Form of Stockholders Agreement
FORM OF STOCKHOLDERS AGREEMENT
THIS STOCKHOLDERS AGREEMENT (as it may be amended, restated, supplemented or otherwise modified from time to time in accordance with the terms hereof, this “Stockholders Agreement”), dated as of [●], 2022, is made by and among (i) NAAC Holdco, Inc., a Delaware corporation (“New Holdco”); (ii) BICS SA, a Belgian limited liability company (société anonyme) (“Seller”); (iii) NAAC Sponsor LP, a Delaware series limited partnership (the “Sponsor”) and (iv) SFPI SA d’intérêt public / FPIM NV van openbaar nut, a limited liability company of public interest organized and existing under the laws of Belgium (“FPIM”). Each of New Holdco, Seller, Sponsor and FPIM may be referred to herein as a “Party” and collectively as the “Parties”.

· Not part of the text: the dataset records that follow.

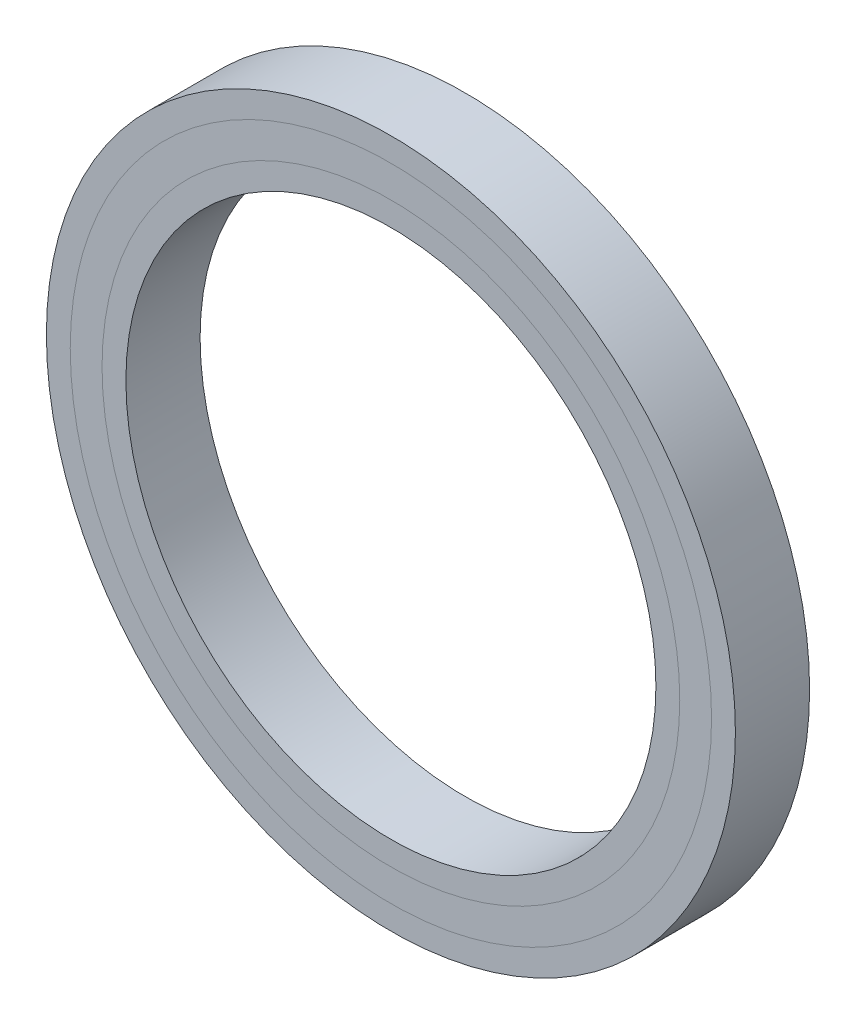
ISO-10303-21;
HEADER;
FILE_DESCRIPTION(('STEP AP214'),'2;1');
FILE_NAME('part.step','',(''),(''),'','','');
FILE_SCHEMA(('AUTOMOTIVE_DESIGN { 1 0 10303 214 1 1 1 1 }'));
ENDSEC;
DATA;
#1=APPLICATION_CONTEXT('core data for automotive mechanical design processes');
#2=APPLICATION_PROTOCOL_DEFINITION('international standard','automotive_design',2000,#1);
#3=PRODUCT_CONTEXT('',#1,'mechanical');
#4=PRODUCT('Part','Part','',(#3));
#5=PRODUCT_RELATED_PRODUCT_CATEGORY('part','',(#4));
#6=PRODUCT_DEFINITION_FORMATION('','',#4);
#7=PRODUCT_DEFINITION_CONTEXT('part definition',#1,'design');
#8=PRODUCT_DEFINITION('design','',#6,#7);
#9=PRODUCT_DEFINITION_SHAPE('','',#8);
#10=(LENGTH_UNIT() NAMED_UNIT(*) SI_UNIT(.MILLI.,.METRE.));
#11=(NAMED_UNIT(*) PLANE_ANGLE_UNIT() SI_UNIT($,.RADIAN.));
#12=(NAMED_UNIT(*) SI_UNIT($,.STERADIAN.) SOLID_ANGLE_UNIT());
#13=UNCERTAINTY_MEASURE_WITH_UNIT(LENGTH_MEASURE(1.E-05),#10,'distance_accuracy_value','');
#14=(GEOMETRIC_REPRESENTATION_CONTEXT(3) GLOBAL_UNCERTAINTY_ASSIGNED_CONTEXT((#13)) GLOBAL_UNIT_ASSIGNED_CONTEXT((#10,
#11,#12)) REPRESENTATION_CONTEXT('',''));
#15=CARTESIAN_POINT('',(0.,0.,0.));
#16=DIRECTION('',(0.,0.,1.));
#17=DIRECTION('',(1.,0.,0.));
#18=AXIS2_PLACEMENT_3D('',#15,#16,#17);
#19=CARTESIAN_POINT('',(0.,0.,7.));
#20=DIRECTION('',(0.,0.,1.));
#21=DIRECTION('',(1.,0.,0.));
#22=AXIS2_PLACEMENT_3D('',#19,#20,#21);
#23=PLANE('',#22);
#24=CARTESIAN_POINT('',(0.,0.,7.));
#25=DIRECTION('',(0.,0.,1.));
#26=DIRECTION('',(1.,0.,0.));
#27=AXIS2_PLACEMENT_3D('',#24,#25,#26);
#28=CIRCLE('',#27,32.5);
#29=CARTESIAN_POINT('',(32.5,0.,7.));
#30=VERTEX_POINT('',#29);
#31=EDGE_CURVE('E11',#30,#30,#28,.T.);
#32=ORIENTED_EDGE('',*,*,#31,.T.);
#33=EDGE_LOOP('',(#32));
#34=FACE_BOUND('',#33,.T.);
#35=CARTESIAN_POINT('',(0.,0.,7.));
#36=DIRECTION('',(0.,0.,1.));
#37=DIRECTION('',(1.,0.,0.));
#38=AXIS2_PLACEMENT_3D('',#35,#36,#37);
#39=CIRCLE('',#38,30.2499999999988);
#40=CARTESIAN_POINT('',(30.2499999999988,0.,7.));
#41=VERTEX_POINT('',#40);
#42=EDGE_CURVE('E53',#41,#41,#39,.T.);
#43=ORIENTED_EDGE('',*,*,#42,.F.);
#44=EDGE_LOOP('',(#43));
#45=FACE_BOUND('',#44,.T.);
#46=ADVANCED_FACE('F42',(#34,#45),#23,.T.);
#47=CARTESIAN_POINT('',(0.,0.,0.));
#48=DIRECTION('',(0.,0.,1.));
#49=DIRECTION('',(1.,0.,0.));
#50=AXIS2_PLACEMENT_3D('',#47,#48,#49);
#51=PLANE('',#50);
#52=CARTESIAN_POINT('',(0.,0.,0.));
#53=DIRECTION('',(0.,0.,1.));
#54=DIRECTION('',(1.,0.,0.));
#55=AXIS2_PLACEMENT_3D('',#52,#53,#54);
#56=CIRCLE('',#55,32.5);
#57=CARTESIAN_POINT('',(32.5,0.,0.));
#58=VERTEX_POINT('',#57);
#59=EDGE_CURVE('E46',#58,#58,#56,.T.);
#60=ORIENTED_EDGE('',*,*,#59,.F.);
#61=EDGE_LOOP('',(#60));
#62=FACE_BOUND('',#61,.T.);
#63=CARTESIAN_POINT('',(0.,0.,0.));
#64=DIRECTION('',(0.,0.,1.));
#65=DIRECTION('',(1.,0.,0.));
#66=AXIS2_PLACEMENT_3D('',#63,#64,#65);
#67=CIRCLE('',#66,30.2499999999988);
#68=CARTESIAN_POINT('',(30.2499999999988,0.,0.));
#69=VERTEX_POINT('',#68);
#70=EDGE_CURVE('E55',#69,#69,#67,.T.);
#71=ORIENTED_EDGE('',*,*,#70,.T.);
#72=EDGE_LOOP('',(#71));
#73=FACE_BOUND('',#72,.T.);
#74=ADVANCED_FACE('F65',(#62,#73),#51,.F.);
#75=CARTESIAN_POINT('',(0.,0.,7.));
#76=DIRECTION('',(0.,0.,-1.));
#77=DIRECTION('',(-1.,0.,0.));
#78=AXIS2_PLACEMENT_3D('',#75,#76,#77);
#79=CYLINDRICAL_SURFACE('',#78,32.5);
#80=ORIENTED_EDGE('',*,*,#31,.F.);
#81=EDGE_LOOP('',(#80));
#82=FACE_BOUND('',#81,.T.);
#83=ORIENTED_EDGE('',*,*,#59,.T.);
#84=EDGE_LOOP('',(#83));
#85=FACE_BOUND('',#84,.T.);
#86=ADVANCED_FACE('F44',(#82,#85),#79,.T.);
#87=CARTESIAN_POINT('',(0.,0.,7.));
#88=DIRECTION('',(0.,0.,-1.));
#89=DIRECTION('',(-1.,0.,0.));
#90=AXIS2_PLACEMENT_3D('',#87,#88,#89);
#91=CYLINDRICAL_SURFACE('',#90,30.2499999999988);
#92=ORIENTED_EDGE('',*,*,#42,.T.);
#93=EDGE_LOOP('',(#92));
#94=FACE_BOUND('',#93,.T.);
#95=ORIENTED_EDGE('',*,*,#70,.F.);
#96=EDGE_LOOP('',(#95));
#97=FACE_BOUND('',#96,.T.);
#98=ADVANCED_FACE('F61',(#94,#97),#91,.F.);
#99=CLOSED_SHELL('',(#46,#74,#86,#98));
#100=MANIFOLD_SOLID_BREP('B2',#99);
#101=CARTESIAN_POINT('',(0.,0.,7.));
#102=DIRECTION('',(0.,0.,1.));
#103=DIRECTION('',(1.,0.,0.));
#104=AXIS2_PLACEMENT_3D('',#101,#102,#103);
#105=PLANE('',#104);
#106=CARTESIAN_POINT('',(0.,0.,7.));
#107=DIRECTION('',(0.,0.,1.));
#108=DIRECTION('',(1.,0.,0.));
#109=AXIS2_PLACEMENT_3D('',#106,#107,#108);
#110=CIRCLE('',#109,30.25);
#111=CARTESIAN_POINT('',(30.25,0.,7.));
#112=VERTEX_POINT('',#111);
#113=EDGE_CURVE('E41',#112,#112,#110,.T.);
#114=ORIENTED_EDGE('',*,*,#113,.T.);
#115=EDGE_LOOP('',(#114));
#116=FACE_BOUND('',#115,.T.);
#117=CARTESIAN_POINT('',(0.,0.,7.));
#118=DIRECTION('',(0.,0.,1.));
#119=DIRECTION('',(1.,0.,0.));
#120=AXIS2_PLACEMENT_3D('',#117,#118,#119);
#121=CIRCLE('',#120,27.25);
#122=CARTESIAN_POINT('',(27.25,0.,7.));
#123=VERTEX_POINT('',#122);
#124=EDGE_CURVE('E124',#123,#123,#121,.T.);
#125=ORIENTED_EDGE('',*,*,#124,.F.);
#126=EDGE_LOOP('',(#125));
#127=FACE_BOUND('',#126,.T.);
#128=ADVANCED_FACE('F113',(#116,#127),#105,.T.);
#129=CARTESIAN_POINT('',(0.,0.,0.));
#130=DIRECTION('',(0.,0.,1.));
#131=DIRECTION('',(1.,0.,0.));
#132=AXIS2_PLACEMENT_3D('',#129,#130,#131);
#133=PLANE('',#132);
#134=CARTESIAN_POINT('',(0.,0.,0.));
#135=DIRECTION('',(0.,0.,1.));
#136=DIRECTION('',(1.,0.,0.));
#137=AXIS2_PLACEMENT_3D('',#134,#135,#136);
#138=CIRCLE('',#137,30.25);
#139=CARTESIAN_POINT('',(30.25,0.,0.));
#140=VERTEX_POINT('',#139);
#141=EDGE_CURVE('E117',#140,#140,#138,.T.);
#142=ORIENTED_EDGE('',*,*,#141,.F.);
#143=EDGE_LOOP('',(#142));
#144=FACE_BOUND('',#143,.T.);
#145=CARTESIAN_POINT('',(0.,0.,0.));
#146=DIRECTION('',(0.,0.,1.));
#147=DIRECTION('',(1.,0.,0.));
#148=AXIS2_PLACEMENT_3D('',#145,#146,#147);
#149=CIRCLE('',#148,27.25);
#150=CARTESIAN_POINT('',(27.25,0.,0.));
#151=VERTEX_POINT('',#150);
#152=EDGE_CURVE('E126',#151,#151,#149,.T.);
#153=ORIENTED_EDGE('',*,*,#152,.T.);
#154=EDGE_LOOP('',(#153));
#155=FACE_BOUND('',#154,.T.);
#156=ADVANCED_FACE('F136',(#144,#155),#133,.F.);
#157=CARTESIAN_POINT('',(0.,0.,7.));
#158=DIRECTION('',(0.,0.,-1.));
#159=DIRECTION('',(-1.,0.,0.));
#160=AXIS2_PLACEMENT_3D('',#157,#158,#159);
#161=CYLINDRICAL_SURFACE('',#160,30.25);
#162=ORIENTED_EDGE('',*,*,#113,.F.);
#163=EDGE_LOOP('',(#162));
#164=FACE_BOUND('',#163,.T.);
#165=ORIENTED_EDGE('',*,*,#141,.T.);
#166=EDGE_LOOP('',(#165));
#167=FACE_BOUND('',#166,.T.);
#168=ADVANCED_FACE('F115',(#164,#167),#161,.T.);
#169=CARTESIAN_POINT('',(0.,0.,7.));
#170=DIRECTION('',(0.,0.,-1.));
#171=DIRECTION('',(-1.,0.,0.));
#172=AXIS2_PLACEMENT_3D('',#169,#170,#171);
#173=CYLINDRICAL_SURFACE('',#172,27.25);
#174=ORIENTED_EDGE('',*,*,#124,.T.);
#175=EDGE_LOOP('',(#174));
#176=FACE_BOUND('',#175,.T.);
#177=ORIENTED_EDGE('',*,*,#152,.F.);
#178=EDGE_LOOP('',(#177));
#179=FACE_BOUND('',#178,.T.);
#180=ADVANCED_FACE('F132',(#176,#179),#173,.F.);
#181=CLOSED_SHELL('',(#128,#156,#168,#180));
#182=MANIFOLD_SOLID_BREP('B6',#181);
#183=CARTESIAN_POINT('',(0.,0.,7.));
#184=DIRECTION('',(0.,0.,1.));
#185=DIRECTION('',(1.,0.,0.));
#186=AXIS2_PLACEMENT_3D('',#183,#184,#185);
#187=PLANE('',#186);
#188=CARTESIAN_POINT('',(0.,0.,7.));
#189=DIRECTION('',(0.,0.,1.));
#190=DIRECTION('',(1.,0.,0.));
#191=AXIS2_PLACEMENT_3D('',#188,#189,#190);
#192=CIRCLE('',#191,27.2499999999987);
#193=CARTESIAN_POINT('',(27.2499999999987,0.,7.));
#194=VERTEX_POINT('',#193);
#195=EDGE_CURVE('E112',#194,#194,#192,.T.);
#196=ORIENTED_EDGE('',*,*,#195,.T.);
#197=EDGE_LOOP('',(#196));
#198=FACE_BOUND('',#197,.T.);
#199=CARTESIAN_POINT('',(0.,0.,7.));
#200=DIRECTION('',(0.,0.,1.));
#201=DIRECTION('',(1.,0.,0.));
#202=AXIS2_PLACEMENT_3D('',#199,#200,#201);
#203=CIRCLE('',#202,25.);
#204=CARTESIAN_POINT('',(25.,0.,7.));
#205=VERTEX_POINT('',#204);
#206=EDGE_CURVE('E190',#205,#205,#203,.T.);
#207=ORIENTED_EDGE('',*,*,#206,.F.);
#208=EDGE_LOOP('',(#207));
#209=FACE_BOUND('',#208,.T.);
#210=ADVANCED_FACE('F179',(#198,#209),#187,.T.);
#211=CARTESIAN_POINT('',(0.,0.,0.));
#212=DIRECTION('',(0.,0.,1.));
#213=DIRECTION('',(1.,0.,0.));
#214=AXIS2_PLACEMENT_3D('',#211,#212,#213);
#215=PLANE('',#214);
#216=CARTESIAN_POINT('',(0.,0.,0.));
#217=DIRECTION('',(0.,0.,1.));
#218=DIRECTION('',(1.,0.,0.));
#219=AXIS2_PLACEMENT_3D('',#216,#217,#218);
#220=CIRCLE('',#219,27.2499999999987);
#221=CARTESIAN_POINT('',(27.2499999999987,0.,0.));
#222=VERTEX_POINT('',#221);
#223=EDGE_CURVE('E183',#222,#222,#220,.T.);
#224=ORIENTED_EDGE('',*,*,#223,.F.);
#225=EDGE_LOOP('',(#224));
#226=FACE_BOUND('',#225,.T.);
#227=CARTESIAN_POINT('',(0.,0.,0.));
#228=DIRECTION('',(0.,0.,1.));
#229=DIRECTION('',(1.,0.,0.));
#230=AXIS2_PLACEMENT_3D('',#227,#228,#229);
#231=CIRCLE('',#230,25.);
#232=CARTESIAN_POINT('',(25.,0.,0.));
#233=VERTEX_POINT('',#232);
#234=EDGE_CURVE('E192',#233,#233,#231,.T.);
#235=ORIENTED_EDGE('',*,*,#234,.T.);
#236=EDGE_LOOP('',(#235));
#237=FACE_BOUND('',#236,.T.);
#238=ADVANCED_FACE('F202',(#226,#237),#215,.F.);
#239=CARTESIAN_POINT('',(0.,0.,7.));
#240=DIRECTION('',(0.,0.,-1.));
#241=DIRECTION('',(-1.,0.,0.));
#242=AXIS2_PLACEMENT_3D('',#239,#240,#241);
#243=CYLINDRICAL_SURFACE('',#242,27.2499999999987);
#244=ORIENTED_EDGE('',*,*,#195,.F.);
#245=EDGE_LOOP('',(#244));
#246=FACE_BOUND('',#245,.T.);
#247=ORIENTED_EDGE('',*,*,#223,.T.);
#248=EDGE_LOOP('',(#247));
#249=FACE_BOUND('',#248,.T.);
#250=ADVANCED_FACE('F181',(#246,#249),#243,.T.);
#251=CARTESIAN_POINT('',(0.,0.,7.));
#252=DIRECTION('',(0.,0.,-1.));
#253=DIRECTION('',(-1.,0.,0.));
#254=AXIS2_PLACEMENT_3D('',#251,#252,#253);
#255=CYLINDRICAL_SURFACE('',#254,25.);
#256=ORIENTED_EDGE('',*,*,#206,.T.);
#257=EDGE_LOOP('',(#256));
#258=FACE_BOUND('',#257,.T.);
#259=ORIENTED_EDGE('',*,*,#234,.F.);
#260=EDGE_LOOP('',(#259));
#261=FACE_BOUND('',#260,.T.);
#262=ADVANCED_FACE('F198',(#258,#261),#255,.F.);
#263=CLOSED_SHELL('',(#210,#238,#250,#262));
#264=MANIFOLD_SOLID_BREP('B36',#263);
#265=ADVANCED_BREP_SHAPE_REPRESENTATION('',(#18,#100,#182,#264),#14);
#266=SHAPE_DEFINITION_REPRESENTATION(#9,#265);
ENDSEC;
END-ISO-10303-21;

|(A)||on December 16, 2021, Seller, Torino Holding Corp., a Delaware corporation, North Atlantic Acquisition Corporation, a Cayman Islands exempted company, North Atlantic Acquisition, LLC, a Delaware limited liability company and New Holdco are entering into that certain Business Combination Agreement (as amended and/or restated from time to time, the “BCA”), providing for the business combination transactions set forth therein;|
|(B)||as a result of the consummation of the transactions contemplated by the BCA, Seller, Sponsor and FPIM became stockholders of New Holdco; and|
|(C)||the Parties desire to set forth their agreement with respect to governance and certain other matters relating to New Holdco, in each case, as set forth in, and in accordance with the terms and conditions of, this Stockholders Agreement.|
Now, therefore, in consideration of the mutual covenants and agreements contained in this Stockholders Agreement, and other good and valuable consideration, the receipt and sufficiency of which are hereby acknowledged, and intending to be legally bound, the Parties hereby agree as follows:
|1.1||Capitalized terms used herein shall have the respective meanings given to them in this Agreement, or if not defined herein, as set forth in the BCA.|
|1.2||As used herein, the following terms shall have the respective meanings set forth below:|
“BCA” has the meaning set forth in the Recitals.
“Board” means the board of directors of New Holdco.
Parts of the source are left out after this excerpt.